A similar 2012 survey by the Chicago Council on Global Affairs found considerably less support than Gallup for moral or humanitarian foreign-policy goals. Of 11 possible goals CCGA asked about, the two lowest-scoring ones were “promoting and defending human rights in other countries” and “helping to bring a democratic form of government to other nations,” with 28% and 14%, respectively, calling those very important. The top-rated goals in that survey?
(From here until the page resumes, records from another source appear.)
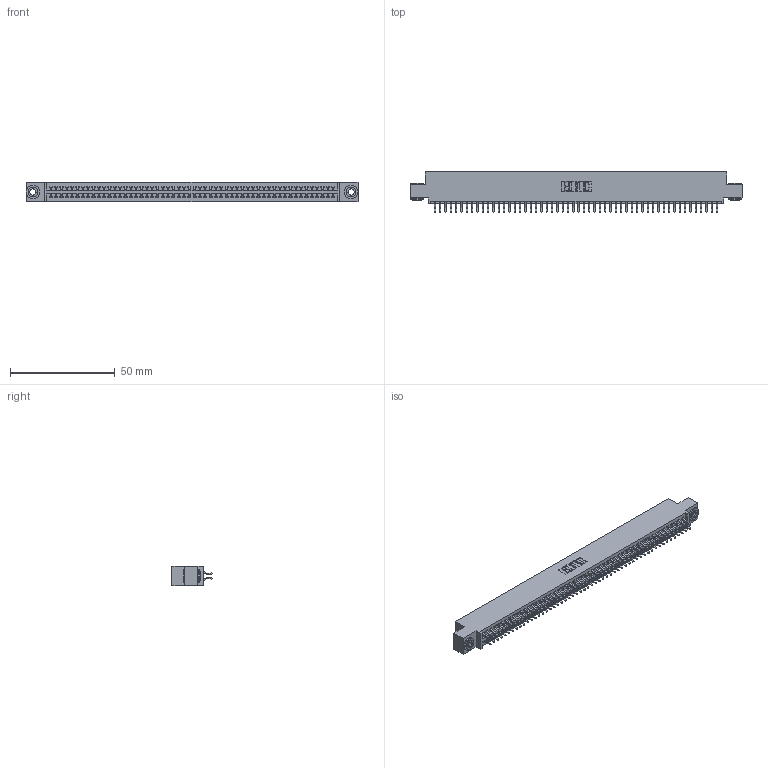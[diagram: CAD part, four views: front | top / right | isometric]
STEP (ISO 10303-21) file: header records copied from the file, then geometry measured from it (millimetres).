
FILE_DESCRIPTION (( 'STEP AP203' ), '1' );
FILE_NAME ('395-108-556-503.STEP', '2018-11-30T23:35:01', ( '' ), ( '' ), 'SwSTEP 2.0', 'SolidWorks 2016', '' );
FILE_SCHEMA (( 'CONFIG_CONTROL_DESIGN' ));
Length unit declared in the file: inch
Products named in the file (4): 345 Part_0.110 Offset - 0.156 Dia-TH; 345-250-002_345-250-002-102; 345-292-001_556 Tail; 395-108-556-503
Assembly tree (111 placements, depth 2):
  395-108-556-503
    345 Part_0.110 Offset - 0.156 Dia-TH
    345-292-001_556 Tail  x108
    345-250-002_345-250-002-102  x2
Bounding box: 158.37 x 19.24 x 9.4 mm (x, y, z)
Volume: 15437.3 mm3; surface area: 23254.5 mm2
Topology: 111 solids, 111 shells, 6216 faces, 18465 edges, 12162 vertices
Faces by surface type: plane 4090, cylinder 2118, cone 8
Entity records: 41756 total; most frequent: CARTESIAN_POINT 6979, ORIENTED_EDGE 6894, DIRECTION 6157, EDGE_CURVE 3447, LINE 3067, VECTOR 3067, VERTEX_POINT 2294, AXIS2_PLACEMENT_3D 1545
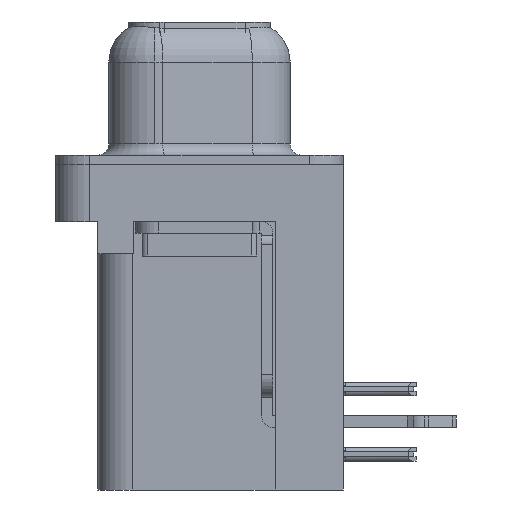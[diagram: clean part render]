
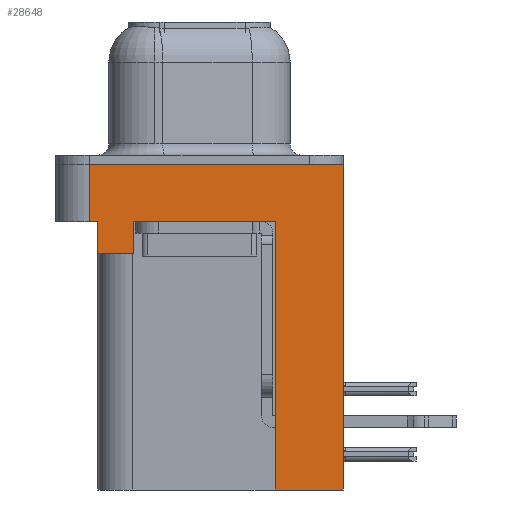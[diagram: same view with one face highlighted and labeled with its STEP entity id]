
A CAD part, left-side view. The second image highlights one B-rep face of the part: STEP entity #28648.
In plain terms, the highlighted planar face has unit normal (-1, 0, 0).
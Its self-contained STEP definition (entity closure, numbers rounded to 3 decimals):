
#189 = CARTESIAN_POINT ( 'NONE',  ( -2.91, 4.425, -3.9 ) ) ;
#225 = EDGE_CURVE ( 'NONE', #4165, #5498, #7820, .T. ) ;
#361 = CARTESIAN_POINT ( 'NONE',  ( -2.91, -6.275, 0. ) ) ;
#401 = LINE ( 'NONE', #21651, #32084 ) ;
#633 = EDGE_CURVE ( 'NONE', #26346, #26637, #401, .T. ) ;
#636 = EDGE_CURVE ( 'NONE', #27054, #9915, #24114, .T. ) ;
#830 = CARTESIAN_POINT ( 'NONE',  ( -2.91, -3.295, -14.2 ) ) ;
#1801 = ORIENTED_EDGE ( 'NONE', *, *, #12141, .F. ) ;
#2073 = CARTESIAN_POINT ( 'NONE',  ( -2.91, 2.895, -2.5 ) ) ;
#3632 = FACE_OUTER_BOUND ( 'NONE', #15709, .T. ) ;
#3735 = CARTESIAN_POINT ( 'NONE',  ( -2.91, 4.775, -2.5 ) ) ;
#4165 = VERTEX_POINT ( 'NONE', #10867 ) ;
#4537 = DIRECTION ( 'NONE',  ( 0., 0., 1. ) ) ;
#4563 = AXIS2_PLACEMENT_3D ( 'NONE', #25066, #22414, #33117 ) ;
#5385 = ORIENTED_EDGE ( 'NONE', *, *, #12654, .F. ) ;
#5498 = VERTEX_POINT ( 'NONE', #2073 ) ;
#5653 = VECTOR ( 'NONE', #29345, 1000. ) ;
#6954 = DIRECTION ( 'NONE',  ( 0., -1., 0. ) ) ;
#7522 = LINE ( 'NONE', #31911, #12522 ) ;
#7767 = VECTOR ( 'NONE', #19387, 1000. ) ;
#7820 = LINE ( 'NONE', #29422, #11222 ) ;
#9086 = VECTOR ( 'NONE', #6954, 1000. ) ;
#9915 = VERTEX_POINT ( 'NONE', #27889 ) ;
#10867 = CARTESIAN_POINT ( 'NONE',  ( -2.91, 2.895, -3.9 ) ) ;
#10979 = DIRECTION ( 'NONE',  ( 0., 0., 1. ) ) ;
#11222 = VECTOR ( 'NONE', #10979, 1000. ) ;
#11522 = EDGE_CURVE ( 'NONE', #5498, #23174, #17658, .T. ) ;
#12141 = EDGE_CURVE ( 'NONE', #19005, #23174, #18481, .T. ) ;
#12441 = CARTESIAN_POINT ( 'NONE',  ( -2.91, -6.275, 0. ) ) ;
#12522 = VECTOR ( 'NONE', #4537, 1000. ) ;
#12654 = EDGE_CURVE ( 'NONE', #26125, #19005, #14173, .T. ) ;
#13568 = VECTOR ( 'NONE', #13749, 1000. ) ;
#13749 = DIRECTION ( 'NONE',  ( 0., 0., 1. ) ) ;
#14173 = LINE ( 'NONE', #830, #22597 ) ;
#14353 = PLANE ( 'NONE',  #4563 ) ;
#15074 = DIRECTION ( 'NONE',  ( 0., 1., 0. ) ) ;
#15709 = EDGE_LOOP ( 'NONE', ( #18794, #30606, #23260, #26864, #33194, #31968, #23399, #1801, #5385, #28310 ) ) ;
#16087 = LINE ( 'NONE', #32043, #7767 ) ;
#17622 = EDGE_CURVE ( 'NONE', #26125, #24102, #7522, .T. ) ;
#17658 = LINE ( 'NONE', #30823, #9086 ) ;
#18481 = LINE ( 'NONE', #29192, #33218 ) ;
#18562 = LINE ( 'NONE', #29279, #31765 ) ;
#18670 = CARTESIAN_POINT ( 'NONE',  ( -2.91, 4.775, -2.5 ) ) ;
#18794 = ORIENTED_EDGE ( 'NONE', *, *, #32624, .F. ) ;
#19005 = VERTEX_POINT ( 'NONE', #27869 ) ;
#19387 = DIRECTION ( 'NONE',  ( 0., -1., 0. ) ) ;
#19695 = CARTESIAN_POINT ( 'NONE',  ( -2.91, -6.275, -14.2 ) ) ;
#19948 = DIRECTION ( 'NONE',  ( 0., 1., 0. ) ) ;
#21651 = CARTESIAN_POINT ( 'NONE',  ( -2.91, 4.425, -3.9 ) ) ;
#22414 = DIRECTION ( 'NONE',  ( -1., 0., 0. ) ) ;
#22597 = VECTOR ( 'NONE', #19948, 1000. ) ;
#23174 = VERTEX_POINT ( 'NONE', #33862 ) ;
#23260 = ORIENTED_EDGE ( 'NONE', *, *, #25615, .T. ) ;
#23273 = EDGE_CURVE ( 'NONE', #4165, #26346, #18562, .T. ) ;
#23399 = ORIENTED_EDGE ( 'NONE', *, *, #11522, .T. ) ;
#23579 = DIRECTION ( 'NONE',  ( 0., 0., 1. ) ) ;
#24102 = VERTEX_POINT ( 'NONE', #12441 ) ;
#24114 = LINE ( 'NONE', #18670, #13568 ) ;
#24418 = LINE ( 'NONE', #361, #5653 ) ;
#25066 = CARTESIAN_POINT ( 'NONE',  ( -2.91, -6.275, -2.5 ) ) ;
#25615 = EDGE_CURVE ( 'NONE', #27054, #26637, #16087, .T. ) ;
#26125 = VERTEX_POINT ( 'NONE', #19695 ) ;
#26346 = VERTEX_POINT ( 'NONE', #189 ) ;
#26637 = VERTEX_POINT ( 'NONE', #27352 ) ;
#26751 = DIRECTION ( 'NONE',  ( 0., 0., 1. ) ) ;
#26864 = ORIENTED_EDGE ( 'NONE', *, *, #633, .F. ) ;
#27054 = VERTEX_POINT ( 'NONE', #3735 ) ;
#27352 = CARTESIAN_POINT ( 'NONE',  ( -2.91, 4.425, -2.5 ) ) ;
#27869 = CARTESIAN_POINT ( 'NONE',  ( -2.91, -3.295, -14.2 ) ) ;
#27889 = CARTESIAN_POINT ( 'NONE',  ( -2.91, 4.775, 0. ) ) ;
#28310 = ORIENTED_EDGE ( 'NONE', *, *, #17622, .T. ) ;
#28648 = ADVANCED_FACE ( 'NONE', ( #3632 ), #14353, .T. ) ;
#29192 = CARTESIAN_POINT ( 'NONE',  ( -2.91, -3.295, -14.2 ) ) ;
#29279 = CARTESIAN_POINT ( 'NONE',  ( -2.91, 4.425, -3.9 ) ) ;
#29345 = DIRECTION ( 'NONE',  ( 0., -1., 0. ) ) ;
#29422 = CARTESIAN_POINT ( 'NONE',  ( -2.91, 2.895, -3.9 ) ) ;
#30606 = ORIENTED_EDGE ( 'NONE', *, *, #636, .F. ) ;
#30823 = CARTESIAN_POINT ( 'NONE',  ( -2.91, -6.275, -2.5 ) ) ;
#31765 = VECTOR ( 'NONE', #15074, 1000. ) ;
#31911 = CARTESIAN_POINT ( 'NONE',  ( -2.91, -6.275, -2.5 ) ) ;
#31968 = ORIENTED_EDGE ( 'NONE', *, *, #225, .T. ) ;
#32043 = CARTESIAN_POINT ( 'NONE',  ( -2.91, -6.275, -2.5 ) ) ;
#32084 = VECTOR ( 'NONE', #26751, 1000. ) ;
#32624 = EDGE_CURVE ( 'NONE', #9915, #24102, #24418, .T. ) ;
#33117 = DIRECTION ( 'NONE',  ( 0., 0., 1. ) ) ;
#33194 = ORIENTED_EDGE ( 'NONE', *, *, #23273, .F. ) ;
#33218 = VECTOR ( 'NONE', #23579, 1000. ) ;
#33862 = CARTESIAN_POINT ( 'NONE',  ( -2.91, -3.295, -2.5 ) ) ;

Protecting the jobs of American workers (83% saying that was very important) and reducing U.S. dependence on foreign oil (77%).
More generally, in a 2008 poll 35% of Americans “strongly” agreed that the United States “has a moral obligation to take a leadership role in world affairs,” with another 25% “somewhat” agreeing.
In June, before the Syrian government’s reported use of chemical weapons, Americans in a Pew Research poll were almost equally divided on whether the country had “a moral obligation to do what it can to stop the violence in Syria.” Fully 49% agreed and 46% disagreed — though that was an increase from the 27% who said in December 2012 that the United States had such a responsibility. (However, when we asked again last week, as it became clear that President Obama had decided on airstrikes, Americans said they opposed such action 48% to 29%, with 23% undecided.)
A question in March 2011 about Libya found about as little sense of U.S. responsibility, though higher percentages said the U.S. had a responsibility to do something about the fighting in Darfur in 2006 (51%) and fighting between Serbs and Bosnians in Kosovo in 1999 (47%).